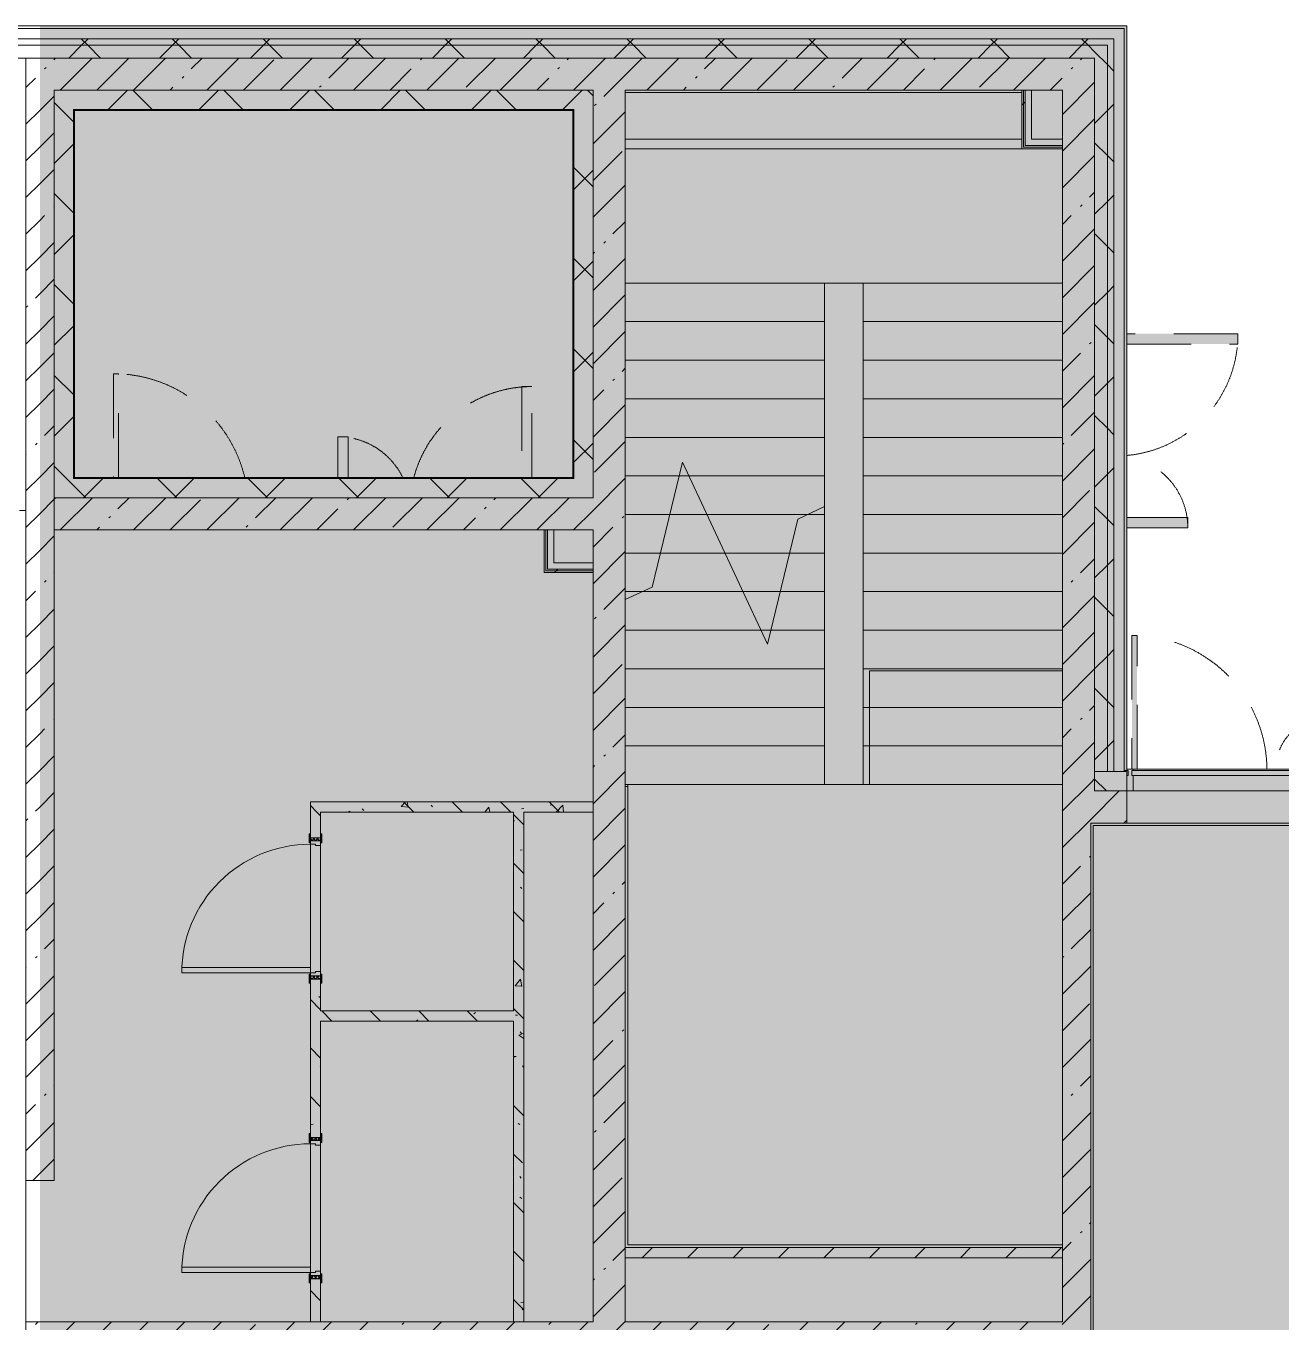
# Model space of a CAD drawing. Header units: millimetres. Extents: x 81633 to 280618, y -8553 to 29000.
# Drawn here: x 230252 to 240012, y 17269 to 27350 of the extents above; entities that cross this region are included whole.
import ezdxf

# ---------------------------------------------------------------- set-up
doc = ezdxf.new("R2010")
doc.units = ezdxf.units.MM
doc.linetypes.add('200_ШТРИХ__ш1_п0_6_', pattern=[800, 500, -300])
doc.layers.add('A-DETL-GENF-3', color=7, linetype='Continuous', lineweight=9, true_color=0xc0c0c0, transparency=0.4)
for name, color, linetype, lineweight in [('A-DETL-MBND-1', 7, '200_ШТРИХ__ш1_п0_6_', 9), ('A-GLAZ-3', 7, 'Continuous', 5), ('A-GLAZ-CWMG-2', 7, 'Continuous', 5), ('A-WALL-2', 7, 'Continuous', 5), ('I-WALL-5', 7, 'Continuous', 5)]:
    doc.layers.add(name, color=color, linetype=linetype, lineweight=lineweight)
for name, color, linetype, lineweight, true_color in [('A-DOOR-3', 7, 'Continuous', 5, 0xb7b7b7), ('A-DOOR-4', 7, 'Continuous', 5, 0xe2e2e2), ('A-DOOR-5', 7, 'Continuous', 5, 0xaaaaaa), ('A-DOOR-FRAM-2', 7, 'Continuous', 5, 0xe2e2e2), ('A-DOOR-FRAM-3', 7, 'Continuous', 5, 0xb7b7b7), ('A-DOOR-FRAM-4', 7, 'Continuous', 5, 0xaaaaaa), ('A-FLOR-2', 7, 'Continuous', 5, 0xaaaaaa), ('A-FLOR-3', 7, 'Continuous', 5, 0xb7b7b7), ('A-GLAZ-2', 7, 'Continuous', 5, 0x737373), ('A-GLAZ-CWMG-4', 7, 'Continuous', 5, 0x737373), ('A-WALL-3', 7, 'Continuous', 5, 0x737373), ('A-WALL-4', 7, 'Continuous', 9, 0x737373), ('I-WALL-4', 7, 'Continuous', 9, 0xe7e7e7), ('I-WALL-6', 7, 'Continuous', 5, 0x737373), ('I-WALL-7', 7, 'Continuous', 5, 0x787878), ('S-STRS-3', 7, 'Continuous', 5, 0x737373), ('S-STRS-MBND-3', 7, 'Continuous', 5, 0x737373)]:
    doc.layers.add(name, color=color, linetype=linetype, lineweight=lineweight, true_color=true_color)
pattern_1 = [(45, (145501.93, 0), (-353.5534, 353.5534), []), (135, (145501.93, 0), (-353.5534, -353.5534), [])]
pattern_2 = [(45, (145501.93, 0), (-285.1231, 285.1231), []), (45, (145787.05, 0), (-285.1231, 285.1231), [504.031, -100.806, 16.764, -84.042])]
pattern_3 = [(135, (145501.93, 0), (-377.1708, -377.1708), [533.4, -88.9, 17.78, -88.9]), (135, (145501.93, 376.94), (-377.1708, -377.1708), []), (50, (145501.93, 0), (637.6445, -55.7866), [66.675, -733.425]), (355, (145501.9, 0), (-123.3494, 668.699), [53.34, -586.74]), (100.451, (145555.07, -4.65), (514.299, 612.908), [56.665, -623.315]), (46.184, (145501.9, 177.8), (948.7764, -147.15), [100.012, -1100.137]), (96.636, (145581, 165.5), (830.909, 865.997), [84.998, -934.973]), (351.184, (145501.9, 177.8), (830.918, 865.988), [80.01, -880.11]), (21, (145590.83, 133.35), (530.6506, -357.9283), [66.675, -733.425]), (326, (145590.8, 133.35), (216.308, 644.6585), [53.34, -586.74]), (71.451, (145635.05, 103.5), (746.9596, 286.7243), [56.665, -623.315]), (37.5, (145501.93, 0), (10.81053, 295.9426), [16.764, -562.864, 16.764, -578.866, -588.962]), (37.5, (145501.93, 0), (10.81053, 295.9426), [-1175.258, 16.764, -572.198]), (7.5, (145501.93, 0), (233.8692, 350.6318), [16.764, -322.834, 16.764, -549.529, -224.472]), (7.5, (145501.93, 0), (233.8692, 350.6318), [-905.891, 16.764, -207.708]), (327.5, (145303.68, 0), (474.5678, -20.0513), [16.764, -205.486, 16.764, -676.656, -920.115]), (327.5, (145303.68, 0), (474.5678, -20.0513), [-915.67, 16.764, -903.351]), (317.5, (145214.8, 0), (518.4522, 88.9934), [16.764, -272.161, 16.764, -443.738, -653.415]), (317.5, (145214.8, 0), (518.4522, 88.9934), [-749.427, 16.764, -636.651])]
pattern_4 = [(45, (145501.9, 0), (-530.33, 530.33), []), (135, (145501.9, 0), (-530.33, -530.33), [])]

# ---------------------------------------------------------------- blocks, each defined once
blk = doc.blocks.new('110_Дверь_СКБ_2Ст_Внутренняя - ДН-7д_л__ ДОО_Дв_1450x2100h_Загрузочная_ Помещение холодильных камер-21737406-2_3_3_птичка')
at = {"layer": 'A-DETL-MBND-1'}
for points in [[(767.5, 283), (767.5, 990), (687.5, 990), (687.5, 283)], [(-662.5, 283), (-662.5, 600), (-742.5, 600), (-742.5, 283)]]:
    blk.add_hatch(color=256, dxfattribs=at).paths.add_polyline_path(points)
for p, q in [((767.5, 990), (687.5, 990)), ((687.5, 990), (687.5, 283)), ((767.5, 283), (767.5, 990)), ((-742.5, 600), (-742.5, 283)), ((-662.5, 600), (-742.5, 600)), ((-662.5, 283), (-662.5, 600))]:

++++

**WHAT THE TASK ASKS**
Nothing should appear in the answer except the lines from the first line of the data through the line holding "color=color, linetype=linetype, lineweight=lineweight)", exactly as written, with pictures left out.

**WRITTEN RESPONSE**
# Model space of a CAD drawing. Header units: millimetres. Extents: x 81633 to 280618, y -8553 to 29000.
# Drawn here: x 230252 to 240012, y 17269 to 27350 of the extents above; entities that cross this region are included whole.
import ezdxf

# ---------------------------------------------------------------- set-up
doc = ezdxf.new("R2010")
doc.units = ezdxf.units.MM
doc.linetypes.add('200_ШТРИХ__ш1_п0_6_', pattern=[800, 500, -300])
doc.layers.add('A-DETL-GENF-3', color=7, linetype='Continuous', lineweight=9, true_color=0xc0c0c0, transparency=0.4)
for name, color, linetype, lineweight in [('A-DETL-MBND-1', 7, '200_ШТРИХ__ш1_п0_6_', 9), ('A-GLAZ-3', 7, 'Continuous', 5), ('A-GLAZ-CWMG-2', 7, 'Continuous', 5), ('A-WALL-2', 7, 'Continuous', 5), ('I-WALL-5', 7, 'Continuous', 5)]:
    doc.layers.add(name, color=color, linetype=linetype, lineweight=lineweight)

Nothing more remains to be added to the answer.